Interpretive Summary: In this study, the main goal of this project was to compare by microarray analysis the gene expression of primary porcine macrophages after infection with the recombinant vesicular stomatitis New Jersey viruses rNJ0612NME6 or rNJ0612NME6-M51R. Overall, our results highlight the potential relevance of multiple pathways associated with the type I interferon response as important drivers of the virulence of VSNJV in pigs. A total of 105 genes were identified as a potential candidate to characterize the immune response of field VSV isolates in macrophages in future projects.

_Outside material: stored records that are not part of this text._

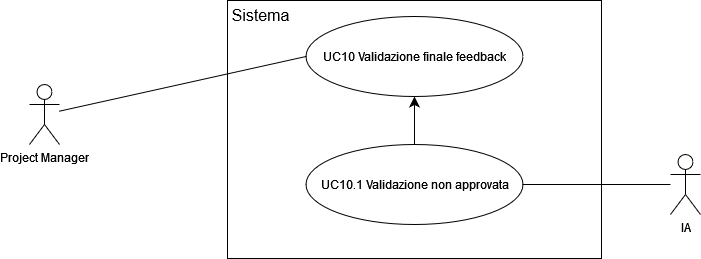

The diagram above was exported from draw.io. Its source (the exported page's mxGraphModel, read from the mxfile embedded in the PNG):
<mxGraphModel dx="1112" dy="1203" grid="0" gridSize="10" guides="1" tooltips="1" connect="1" arrows="1" fold="1" page="0" pageScale="1" pageWidth="827" pageHeight="1169" math="0" shadow="0">
  <root>
    <mxCell id="0" />
    <mxCell id="1" parent="0" />
    <mxCell id="JdevfWh6KZHUkYCuHJOj-1" value="" style="rounded=0;whiteSpace=wrap;html=1;" parent="1" vertex="1">
      <mxGeometry x="166" y="-6" width="374" height="258" as="geometry" />
    </mxCell>
    <mxCell id="JdevfWh6KZHUkYCuHJOj-2" value="UC10 Validazione finale feedback" style="ellipse;whiteSpace=wrap;html=1;" parent="1" vertex="1">
      <mxGeometry x="244.5" y="10" width="217" height="80" as="geometry" />
    </mxCell>
    <mxCell id="JdevfWh6KZHUkYCuHJOj-4" value="" style="edgeStyle=none;curved=1;rounded=0;orthogonalLoop=1;jettySize=auto;html=1;fontSize=12;startSize=8;endSize=8;" parent="1" source="JdevfWh6KZHUkYCuHJOj-3" target="JdevfWh6KZHUkYCuHJOj-2" edge="1">
      <mxGeometry relative="1" as="geometry" />
    </mxCell>
    <mxCell id="JdevfWh6KZHUkYCuHJOj-3" value="UC10.1 Validazione non approvata" style="ellipse;whiteSpace=wrap;html=1;" parent="1" vertex="1">
      <mxGeometry x="244.5" y="138" width="217" height="80" as="geometry" />
    </mxCell>
    <mxCell id="JdevfWh6KZHUkYCuHJOj-5" value="Sistema" style="text;html=1;align=center;verticalAlign=middle;whiteSpace=wrap;rounded=0;fontSize=16;" parent="1" vertex="1">
      <mxGeometry x="167" y="-6" width="65" height="30" as="geometry" />
    </mxCell>
    <mxCell id="JdevfWh6KZHUkYCuHJOj-6" value="Project Manager" style="shape=umlActor;verticalLabelPosition=bottom;verticalAlign=top;html=1;outlineConnect=0;" parent="1" vertex="1">
      <mxGeometry x="-32" y="78" width="30" height="60" as="geometry" />
    </mxCell>
    <mxCell id="JdevfWh6KZHUkYCuHJOj-7" value="" style="endArrow=none;html=1;rounded=0;fontSize=12;startSize=8;endSize=8;curved=1;entryX=0;entryY=0.5;entryDx=0;entryDy=0;" parent="1" source="JdevfWh6KZHUkYCuHJOj-6" target="JdevfWh6KZHUkYCuHJOj-2" edge="1">
      <mxGeometry width="50" height="50" relative="1" as="geometry">
        <mxPoint x="196" y="225" as="sourcePoint" />
        <mxPoint x="246" y="175" as="targetPoint" />
      </mxGeometry>
    </mxCell>
    <mxCell id="JdevfWh6KZHUkYCuHJOj-8" value="IA" style="shape=umlActor;verticalLabelPosition=bottom;verticalAlign=top;html=1;outlineConnect=0;" parent="1" vertex="1">
      <mxGeometry x="609" y="148" width="30" height="60" as="geometry" />
    </mxCell>
    <mxCell id="JdevfWh6KZHUkYCuHJOj-9" value="" style="endArrow=none;html=1;rounded=0;fontSize=12;startSize=8;endSize=8;curved=1;exitX=1;exitY=0.5;exitDx=0;exitDy=0;" parent="1" source="JdevfWh6KZHUkYCuHJOj-3" target="JdevfWh6KZHUkYCuHJOj-8" edge="1">
      <mxGeometry width="50" height="50" relative="1" as="geometry">
        <mxPoint x="602" y="225" as="sourcePoint" />
        <mxPoint x="652" y="175" as="targetPoint" />
      </mxGeometry>
    </mxCell>
  </root>
</mxGraphModel>

Technical Abstract: Our previous study showed that a recombinant New Jersey strain with a mutation (M51R) in the matrix protein, displayed attenuated phenotypes in vivo and in ex-vivo pig macrophages and pigs. However, the molecular mechanisms underlying this attenuation have not been fully elucidated. In this study, gene expression between primary porcine macrophages infected with the M51R virus (rNJ0612NME6-M51R) or its parental virus (rNJ0612NME6) were compared. Analyses of differentially expressed genes (DEGs) revealed fourteen immune-related pathways that were significantly overrepresented as determined by Reactome pathway analysis. Among them, the immune cytokine signaling pathway was found to be the most significantly affected, followed by eight pathways involved in interferon (IFN)-related responses including activation, signaling, induction, and antiviral mechanisms. A total of 105 genes associated with identified pathways were identified as potential candidates for characterizing the immune response of macrophages to field VSV isolates. Interestingly, among these candidates, we identified multiple genes that may play a role in the control of type I IFN during the immune response to VSV in macrophages. Collectively, the results presented herein represent a framework for future analyses directed to understand the molecular factors associated with the pathogenesis of VSV in livestock.